Does the SVD work on an incomplete field

complete-spacesfield-theorylinear algebrareal-analysissvd

Does the singular value decomposition (SVD) require a complete field? SVD clearly can't work on $\mathbb Q$, since we need square roots. But can it work on $\mathbb E$, the smallest Euclidean field containing $\mathbb Q$?

I ask because, to my surprise, my synthetic geometry proof of polar decomposition required completeness, and would not, as far as I can tell, work for $\mathbb E$. (This is startling, because, it is generally accepted, as Dedekind himself wrote when introducing his cuts, that Euclidean geometry does not require, and would not be changed, by completeness, as long as it includes all constructible numbers.)

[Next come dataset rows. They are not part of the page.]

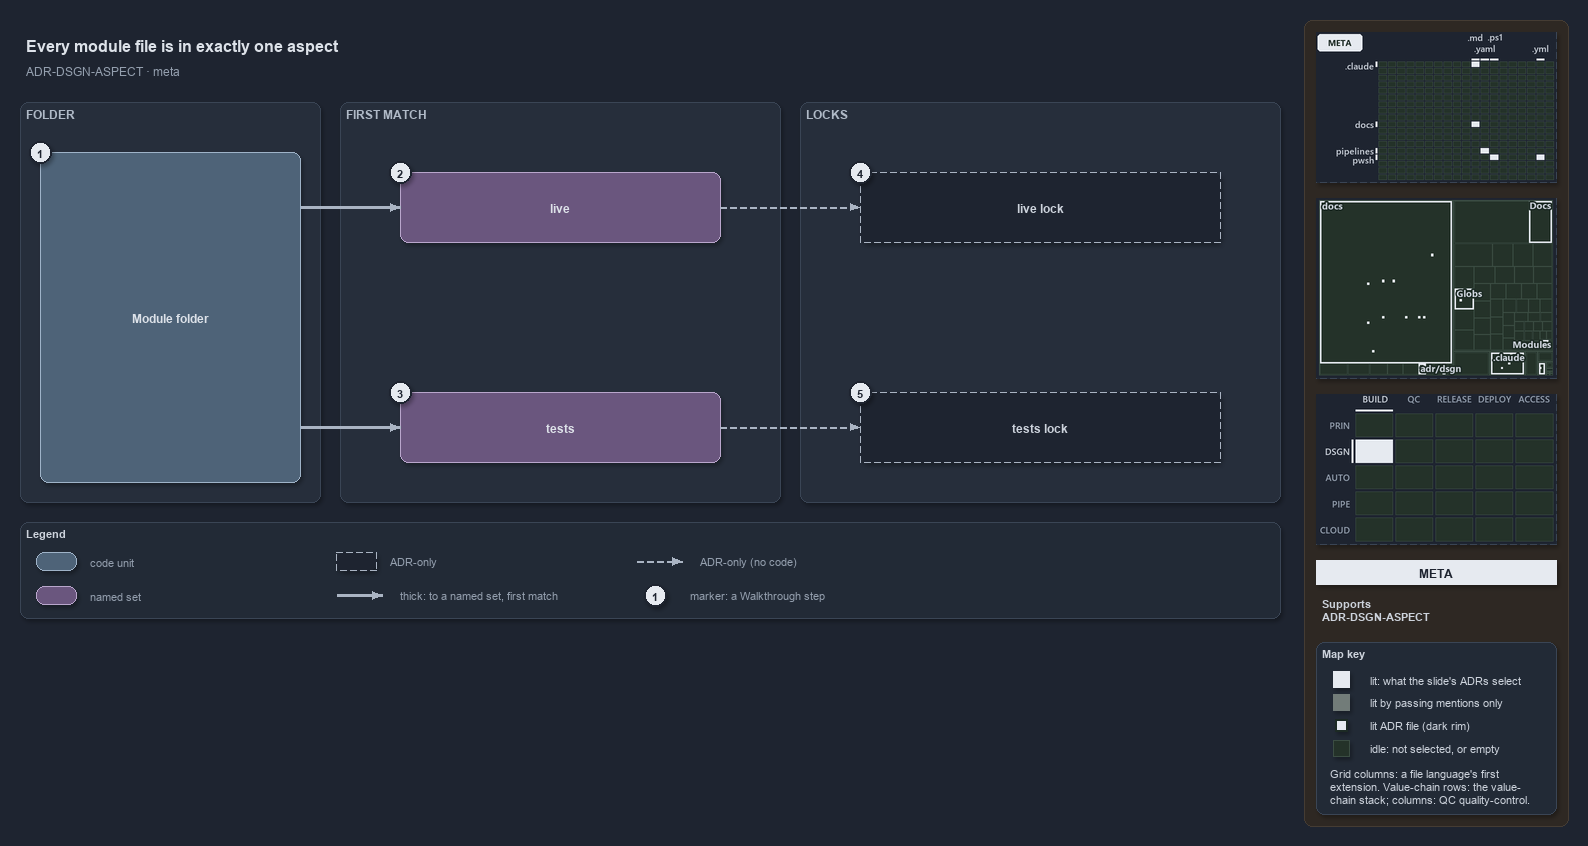

The diagram above was exported from draw.io. Its source (the exported page's mxGraphModel, read from the mxfile embedded in the PNG):
<mxGraphModel dx="1024" dy="768" grid="0" gridSize="10" guides="1" tooltips="1" connect="1" arrows="1" fold="1" page="1" pageScale="1" pageWidth="1572" pageHeight="622" background="#1E2430" math="0" shadow="1">
  <root>
    <mxCell id="0" />
    <mxCell id="1" parent="0" />
    <mxCell id="sidebar-bg" value="" style="rounded=1;arcSize=2;html=1;fillColor=#2E2823;strokeColor=#453C33;shadow=0;" vertex="1" parent="1">
      <mxGeometry x="1304" y="4" width="264" height="806" as="geometry" />
    </mxCell>
    <mxCell id="title" value="Every module file is in exactly one aspect" style="text;html=1;align=left;verticalAlign=middle;fontSize=16;fontStyle=1;fontColor=#DDE2E9;" vertex="1" parent="1">
      <mxGeometry x="20" y="14" width="1260" height="30" as="geometry" />
    </mxCell>
    <mxCell id="subtitle" value="ADR-DSGN-ASPECT &amp;#183; meta" style="text;html=1;align=left;verticalAlign=middle;fontSize=12;fontColor=#949FAE;" vertex="1" parent="1">
      <mxGeometry x="20" y="44" width="1240" height="20" as="geometry" />
    </mxCell>
    <mxCell id="band-folder" value="FOLDER" style="rounded=1;html=1;arcSize=3;fillColor=#262E3B;strokeColor=#3A4555;verticalAlign=top;align=left;spacingLeft=8;fontStyle=1;fontSize=12;fontColor=#B0BAC7;" vertex="1" parent="1">
      <mxGeometry x="20" y="86" width="300" height="400" as="geometry" />
    </mxCell>
    <mxCell id="band-match" value="FIRST MATCH" style="rounded=1;html=1;arcSize=3;fillColor=#262E3B;strokeColor=#3A4555;verticalAlign=top;align=left;spacingLeft=8;fontStyle=1;fontSize=12;fontColor=#B0BAC7;" vertex="1" parent="1">
      <mxGeometry x="340" y="86" width="440" height="400" as="geometry" />
    </mxCell>
    <mxCell id="band-locks" value="LOCKS" style="rounded=1;html=1;arcSize=3;fillColor=#262E3B;strokeColor=#3A4555;verticalAlign=top;align=left;spacingLeft=8;fontStyle=1;fontSize=12;fontColor=#B0BAC7;" vertex="1" parent="1">
      <mxGeometry x="800" y="86" width="480" height="400" as="geometry" />
    </mxCell>
    <mxCell id="folder" value="&lt;b&gt;Module folder&lt;/b&gt;" style="rounded=1;whiteSpace=wrap;html=1;arcSize=20;fillColor=#4E6378;strokeColor=#9FB3C8;fontColor=#DDE2E9;fontSize=12;" vertex="1" parent="1">
      <mxGeometry x="40" y="136" width="260" height="330" as="geometry" />
    </mxCell>
    <mxCell id="live" value="&lt;b&gt;live&lt;/b&gt;" style="rounded=1;whiteSpace=wrap;html=1;arcSize=20;fillColor=#6A567E;strokeColor=#B9A6CC;fontColor=#DDE2E9;fontSize=12;" vertex="1" parent="1">
      <mxGeometry x="400" y="156" width="320" height="70" as="geometry" />
    </mxCell>
    <mxCell id="tests" value="&lt;b&gt;tests&lt;/b&gt;" style="rounded=1;whiteSpace=wrap;html=1;arcSize=20;fillColor=#6A567E;strokeColor=#B9A6CC;fontColor=#DDE2E9;fontSize=12;" vertex="1" parent="1">
      <mxGeometry x="400" y="376" width="320" height="70" as="geometry" />
    </mxCell>
    <mxCell id="live-lock" value="&lt;b&gt;live lock&lt;/b&gt;" style="rounded=1;whiteSpace=wrap;html=1;arcSize=20;fillColor=#1E2430;strokeColor=#AAB4C3;dashed=1;fontSize=12;" vertex="1" parent="1">
      <mxGeometry x="860" y="156" width="360" height="70" as="geometry" />
    </mxCell>
    <mxCell id="tests-lock" value="&lt;b&gt;tests lock&lt;/b&gt;" style="rounded=1;whiteSpace=wrap;html=1;arcSize=20;fillColor=#1E2430;strokeColor=#AAB4C3;dashed=1;fontSize=12;" vertex="1" parent="1">
      <mxGeometry x="860" y="376" width="360" height="70" as="geometry" />
    </mxCell>
    <mxCell id="port-folder-r1" value="" style="text;html=1;strokeColor=none;fillColor=none;" vertex="1" parent="1">
      <mxGeometry x="300" y="191" width="1" height="1" as="geometry" />
    </mxCell>
    <mxCell id="edge-folder-live" value="" style="edgeStyle=orthogonalEdgeStyle;rounded=1;html=1;endArrow=block;strokeColor=#AAB4C3;strokeWidth=2.5;fontColor=#CDD3DC;shadow=0;" edge="1" parent="1" source="port-folder-r1" target="live">
      <mxGeometry relative="1" as="geometry" />
    </mxCell>
    <mxCell id="port-folder-r2" value="" style="text;html=1;strokeColor=none;fillColor=none;" vertex="1" parent="1">
      <mxGeometry x="300" y="411" width="1" height="1" as="geometry" />
    </mxCell>
    <mxCell id="edge-folder-tests" value="" style="edgeStyle=orthogonalEdgeStyle;rounded=1;html=1;endArrow=block;strokeColor=#AAB4C3;strokeWidth=2.5;fontColor=#CDD3DC;shadow=0;" edge="1" parent="1" source="port-folder-r2" target="tests">
      <mxGeometry relative="1" as="geometry" />
    </mxCell>
    <mxCell id="edge-live-lock" value="" style="edgeStyle=orthogonalEdgeStyle;rounded=1;html=1;endArrow=block;strokeColor=#AAB4C3;dashed=1;fontColor=#CDD3DC;shadow=0;" edge="1" parent="1" source="live" target="live-lock">
      <mxGeometry relative="1" as="geometry" />
    </mxCell>
    <mxCell id="edge-tests-lock" value="" style="edgeStyle=orthogonalEdgeStyle;rounded=1;html=1;endArrow=block;strokeColor=#AAB4C3;dashed=1;fontColor=#CDD3DC;shadow=0;" edge="1" parent="1" source="tests" target="tests-lock">
      <mxGeometry relative="1" as="geometry" />
    </mxCell>
    <mxCell id="mark-1" value="1" style="ellipse;html=1;fillColor=#E6EAF0;strokeColor=#1E2430;strokeWidth=2;fontColor=#1E2430;fontStyle=1;fontSize=11;" vertex="1" parent="1">
      <mxGeometry x="29" y="125" width="22" height="22" as="geometry" />
    </mxCell>
    <mxCell id="mark-2" value="2" style="ellipse;html=1;fillColor=#E6EAF0;strokeColor=#1E2430;strokeWidth=2;fontColor=#1E2430;fontStyle=1;fontSize=11;" vertex="1" parent="1">
      <mxGeometry x="389" y="145" width="22" height="22" as="geometry" />
    </mxCell>
    <mxCell id="mark-3" value="3" style="ellipse;html=1;fillColor=#E6EAF0;strokeColor=#1E2430;strokeWidth=2;fontColor=#1E2430;fontStyle=1;fontSize=11;" vertex="1" parent="1">
      <mxGeometry x="389" y="365" width="22" height="22" as="geometry" />
    </mxCell>
    <mxCell id="mark-4" value="4" style="ellipse;html=1;fillColor=#E6EAF0;strokeColor=#1E2430;strokeWidth=2;fontColor=#1E2430;fontStyle=1;fontSize=11;" vertex="1" parent="1">
      <mxGeometry x="849" y="145" width="22" height="22" as="geometry" />
    </mxCell>
    <mxCell id="mark-5" value="5" style="ellipse;html=1;fillColor=#E6EAF0;strokeColor=#1E2430;strokeWidth=2;fontColor=#1E2430;fontStyle=1;fontSize=11;" vertex="1" parent="1">
      <mxGeometry x="849" y="365" width="22" height="22" as="geometry" />
    </mxCell>
    <mxCell id="legend" value="&lt;b&gt;Legend&lt;/b&gt;" style="rounded=1;whiteSpace=wrap;html=1;arcSize=6;fillColor=#222A36;strokeColor=#3A4555;align=left;verticalAlign=top;spacing=8;fontSize=11;fontColor=#CDD3DC;" vertex="1" parent="1">
      <mxGeometry x="20" y="506" width="1260" height="96" as="geometry" />
    </mxCell>
    <mxCell id="legend-code" value="" style="rounded=1;whiteSpace=wrap;html=1;arcSize=20;fillColor=#4E6378;strokeColor=#9FB3C8;fontColor=#DDE2E9;fontSize=12;" vertex="1" parent="1">
      <mxGeometry x="36" y="536" width="40" height="18" as="geometry" />
    </mxCell>
    <mxCell id="legend-code-text" value="code unit" style="text;html=1;align=left;verticalAlign=middle;fontSize=11;fontColor=#949FAE;" vertex="1" parent="1">
      <mxGeometry x="84" y="535" width="240" height="20" as="geometry" />
    </mxCell>
    <mxCell id="legend-set" value="" style="rounded=1;whiteSpace=wrap;html=1;arcSize=20;fillColor=#6A567E;strokeColor=#B9A6CC;fontColor=#DDE2E9;fontSize=12;" vertex="1" parent="1">
      <mxGeometry x="36" y="570" width="40" height="18" as="geometry" />
    </mxCell>
    <mxCell id="legend-set-text" value="named set" style="text;html=1;align=left;verticalAlign=middle;fontSize=11;fontColor=#949FAE;" vertex="1" parent="1">
      <mxGeometry x="84" y="569" width="240" height="20" as="geometry" />
    </mxCell>
    <mxCell id="legend-adronly" value="" style="rounded=1;whiteSpace=wrap;html=1;arcSize=20;fillColor=#1E2430;strokeColor=#AAB4C3;dashed=1;fontSize=12;" vertex="1" parent="1">
      <mxGeometry x="336" y="536" width="40" height="18" as="geometry" />
    </mxCell>
    <mxCell id="legend-adronly-text" value="ADR-only" style="text;html=1;align=left;verticalAlign=middle;fontSize=11;fontColor=#949FAE;" vertex="1" parent="1">
      <mxGeometry x="384" y="535" width="240" height="20" as="geometry" />
    </mxCell>
    <mxCell id="legend-thick-a" value="" style="text;html=1;strokeColor=none;fillColor=none;" vertex="1" parent="1">
      <mxGeometry x="336" y="579" width="1" height="1" as="geometry" />
    </mxCell>
    <mxCell id="legend-thick-b" value="" style="text;html=1;strokeColor=none;fillColor=none;" vertex="1" parent="1">
      <mxGeometry x="382" y="579" width="1" height="1" as="geometry" />
    </mxCell>
    <mxCell id="legend-thick" value="" style="edgeStyle=orthogonalEdgeStyle;rounded=1;html=1;endArrow=block;strokeColor=#AAB4C3;strokeWidth=2.5;fontColor=#CDD3DC;shadow=0;" edge="1" parent="1" source="legend-thick-a" target="legend-thick-b">
      <mxGeometry relative="1" as="geometry" />
    </mxCell>
    <mxCell id="legend-thick-text" value="thick: to a named set, first match" style="text;html=1;align=left;verticalAlign=middle;fontSize=11;fontColor=#949FAE;" vertex="1" parent="1">
      <mxGeometry x="394" y="569" width="240" height="20" as="geometry" />
    </mxCell>
    <mxCell id="legend-adr-a" value="" style="text;html=1;strokeColor=none;fillColor=none;" vertex="1" parent="1">
      <mxGeometry x="636" y="545" width="1" height="1" as="geometry" />
    </mxCell>
    <mxCell id="legend-adr-b" value="" style="text;html=1;strokeColor=none;fillColor=none;" vertex="1" parent="1">
      <mxGeometry x="682" y="545" width="1" height="1" as="geometry" />
    </mxCell>
    <mxCell id="legend-adr" value="" style="edgeStyle=orthogonalEdgeStyle;rounded=1;html=1;endArrow=block;strokeColor=#AAB4C3;dashed=1;fontColor=#CDD3DC;shadow=0;" edge="1" parent="1" source="legend-adr-a" target="legend-adr-b">
      <mxGeometry relative="1" as="geometry" />
    </mxCell>
    <mxCell id="legend-adr-text" value="ADR-only (no code)" style="text;html=1;align=left;verticalAlign=middle;fontSize=11;fontColor=#949FAE;" vertex="1" parent="1">
      <mxGeometry x="694" y="535" width="240" height="20" as="geometry" />
    </mxCell>
    <mxCell id="legend-mark" value="1" style="ellipse;html=1;fillColor=#E6EAF0;strokeColor=#1E2430;strokeWidth=2;fontColor=#1E2430;fontStyle=1;fontSize=11;" vertex="1" parent="1">
      <mxGeometry x="644" y="568" width="22" height="22" as="geometry" />
    </mxCell>
    <mxCell id="legend-mark-text" value="marker: a Walkthrough step" style="text;html=1;align=left;verticalAlign=middle;fontSize=11;fontColor=#949FAE;" vertex="1" parent="1">
      <mxGeometry x="684" y="569" width="220" height="20" as="geometry" />
    </mxCell>
    <mxCell id="minimap-grid" value="" style="shape=image;html=1;imageAspect=0;aspect=fixed;verticalLabelPosition=bottom;strokeColor=#3A4555;dashed=1;fillColor=#222A36;image=data:image/png,(base64 omitted: 10524 chars);" vertex="1" parent="1">
      <mxGeometry x="1316" y="16" width="240" height="150" as="geometry" />
    </mxCell>
    <mxCell id="minimap-tree" value="" style="shape=image;html=1;imageAspect=0;aspect=fixed;verticalLabelPosition=bottom;strokeColor=#3A4555;dashed=1;fillColor=#222A36;image=data:image/png,(base64 omitted: 15640 chars);" vertex="1" parent="1">
      <mxGeometry x="1316" y="182" width="240" height="180" as="geometry" />
    </mxCell>
    <mxCell id="minimap-chain" value="" style="shape=image;html=1;imageAspect=0;aspect=fixed;verticalLabelPosition=bottom;strokeColor=#3A4555;dashed=1;fillColor=#222A36;image=data:image/png,(base64 omitted: 12436 chars);" vertex="1" parent="1">
      <mxGeometry x="1316" y="378" width="240" height="150" as="geometry" />
    </mxCell>
    <mxCell id="lens-badge" value="META" style="rounded=0;whiteSpace=wrap;html=1;align=center;verticalAlign=middle;fontSize=12;fontStyle=1;fontColor=#1E2430;fillColor=#E6EAF0;strokeColor=none;" vertex="1" parent="1">
      <mxGeometry x="1316" y="544" width="240" height="24" as="geometry" />
    </mxCell>
    <mxCell id="supports" value="&lt;b&gt;Supports&lt;/b&gt;&lt;br&gt;ADR-DSGN-ASPECT" style="text;html=1;whiteSpace=wrap;align=left;verticalAlign=top;fontSize=11;fontColor=#CDD3DC;" vertex="1" parent="1">
      <mxGeometry x="1316" y="576" width="240" height="38" as="geometry" />
    </mxCell>
    <mxCell id="mapkey" value="&lt;b&gt;Map key&lt;/b&gt;" style="rounded=1;arcSize=6;whiteSpace=wrap;html=1;align=left;verticalAlign=top;fontSize=11;fontColor=#CDD3DC;fillColor=#222A36;strokeColor=#3A4555;spacingLeft=8;spacingTop=2;" vertex="1" parent="1">
      <mxGeometry x="1316" y="626" width="240" height="172" as="geometry" />
    </mxCell>
    <mxCell id="mapkey-lit" value="" style="rounded=0;html=1;fillColor=#E6EAF0;strokeColor=#E6EAF0;" vertex="1" parent="1">
      <mxGeometry x="1333.0" y="655.0" width="16" height="16" as="geometry" />
    </mxCell>
    <mxCell id="mapkey-lit-text" value="lit: what the slide's ADRs select" style="text;html=1;align=left;verticalAlign=middle;fontSize=11;fontColor=#CDD3DC;" vertex="1" parent="1">
      <mxGeometry x="1364" y="653" width="184" height="20" as="geometry" />
    </mxCell>
    <mxCell id="mapkey-touched" value="" style="rounded=0;html=1;fillColor=#727C79;strokeColor=#727C79;" vertex="1" parent="1">
      <mxGeometry x="1333.0" y="678.0" width="16" height="16" as="geometry" />
    </mxCell>
    <mxCell id="mapkey-touched-text" value="lit by passing mentions only" style="text;html=1;align=left;verticalAlign=middle;fontSize=11;fontColor=#CDD3DC;" vertex="1" parent="1">
      <mxGeometry x="1364" y="676" width="184" height="20" as="geometry" />
    </mxCell>
    <mxCell id="mapkey-adr" value="" style="rounded=0;html=1;fillColor=#E6EAF0;strokeColor=#1C2A24;strokeWidth=2;" vertex="1" parent="1">
      <mxGeometry x="1335.0" y="703.0" width="12" height="12" as="geometry" />
    </mxCell>
    <mxCell id="mapkey-adr-text" value="lit ADR file (dark rim)" style="text;html=1;align=left;verticalAlign=middle;fontSize=11;fontColor=#CDD3DC;" vertex="1" parent="1">
      <mxGeometry x="1364" y="699" width="184" height="20" as="geometry" />
    </mxCell>
    <mxCell id="mapkey-idle" value="" style="rounded=0;html=1;fillColor=#243229;strokeColor=#3B4D43;" vertex="1" parent="1">
      <mxGeometry x="1333.0" y="724.0" width="16" height="16" as="geometry" />
    </mxCell>
    <mxCell id="mapkey-idle-text" value="idle: not selected, or empty" style="text;html=1;align=left;verticalAlign=middle;fontSize=11;fontColor=#CDD3DC;" vertex="1" parent="1">
      <mxGeometry x="1364" y="722" width="184" height="20" as="geometry" />
    </mxCell>
    <mxCell id="mapkey-codes" value="Grid columns: a file language's first&lt;br&gt;extension. Value-chain rows: the value-&lt;br&gt;chain stack; columns: QC quality-control." style="text;html=1;align=left;verticalAlign=top;whiteSpace=wrap;fontSize=11;fontColor=#CDD3DC;" vertex="1" parent="1">
      <mxGeometry x="1324" y="746" width="224" height="46" as="geometry" />
    </mxCell>
  </root>
</mxGraphModel>

Additionally, when proving SVD, Trefethen & Bau make use of compactness to show the existence of a maximum, which of course requires a complete field.

And, from Harvard's fabled 55a, another use of completeness:

Compactness… gives us another way to prove the spectral theorem: we can find an eigenvector for $T$ by seeing where the function $w \mapsto \langle Tw,w \rangle$ achieves its maximum on the unit sphere.

Thus, can the SVD be done in a field that admits square roots but is not complete? And, if yes: What aspect of complete fields finds its way into all three of these proofs? Is SVD somehow different or "stronger" in complete fields?

Best Answer

Every matrix over a Euclidean field $K$ has a SVD over $K$ iff every symmetric matrix over $K$ has all its eigenvalues in $K$. In one direction, the usual proof of existence of SVDs from the spectral theorem (e.g., here) uses only the existence of square roots and the spectral theorem for symmetric matrices. Conversely, if $A$ is a symmetric matrix over $K$, the existence of a SVD for $A$ gives a diagonalization of $A^*A=A^2$, which can be square-rooted to get a diagonalization of $A$ since $K$ is Euclidean.

In particular, this is not true of the constructible numbers $\mathbb{E}$ (for instance, the symmetric matrix $\begin{pmatrix} 0&1&1 \\ 1&0&0 \\ 1&0&1\end{pmatrix}$ has irreducible characteristic polynomial over $\mathbb{Q}$ so its eigenvalues are not constructible). So, the existence of SVDs requires some amount of "completeness" beyond just the existence of square roots. It requires much less than completeness in the analytic sense, though; in particular, it only involves having roots of polynomials, so it suffices to have a real closed field. In fact, it is strictly weaker than being real closed. For instance, the smallest such field can be obtained from $\mathbb{Q}$ by alternating taking Euclidean closures and the closure under taking eigenvalues of symmetric matrices infinitely many times. If $f$ is an irreducible cubic over $\mathbb{Q}$ with exactly one real root, then $f$ will remain irreducible in each stage of this process: taking Euclidean closures only gives extensions of degree a power of $2$ so cannot add a root of $f$, and taking eigenvalues of symmetric matrices only adjoins roots to polynomials whose roots are all real (see this answer). So the smallest Euclidean field over which SVDs exist does not contain the real root of $f$, and so is not real closed.

(If you work over an ordered field that is not necessarily Euclidean, I don't know whether the existence of SVDs is equivalent to the existence of eigenvalues of symmetric matrices. The argument above only gives eigenvalues of symmetric matrices of the form $A^*A$ in one direction, and in the other direction it seems to require not just eigenvalues of symmetric matrices of the form $A^*A$ but the square roots of these eigenvalues.)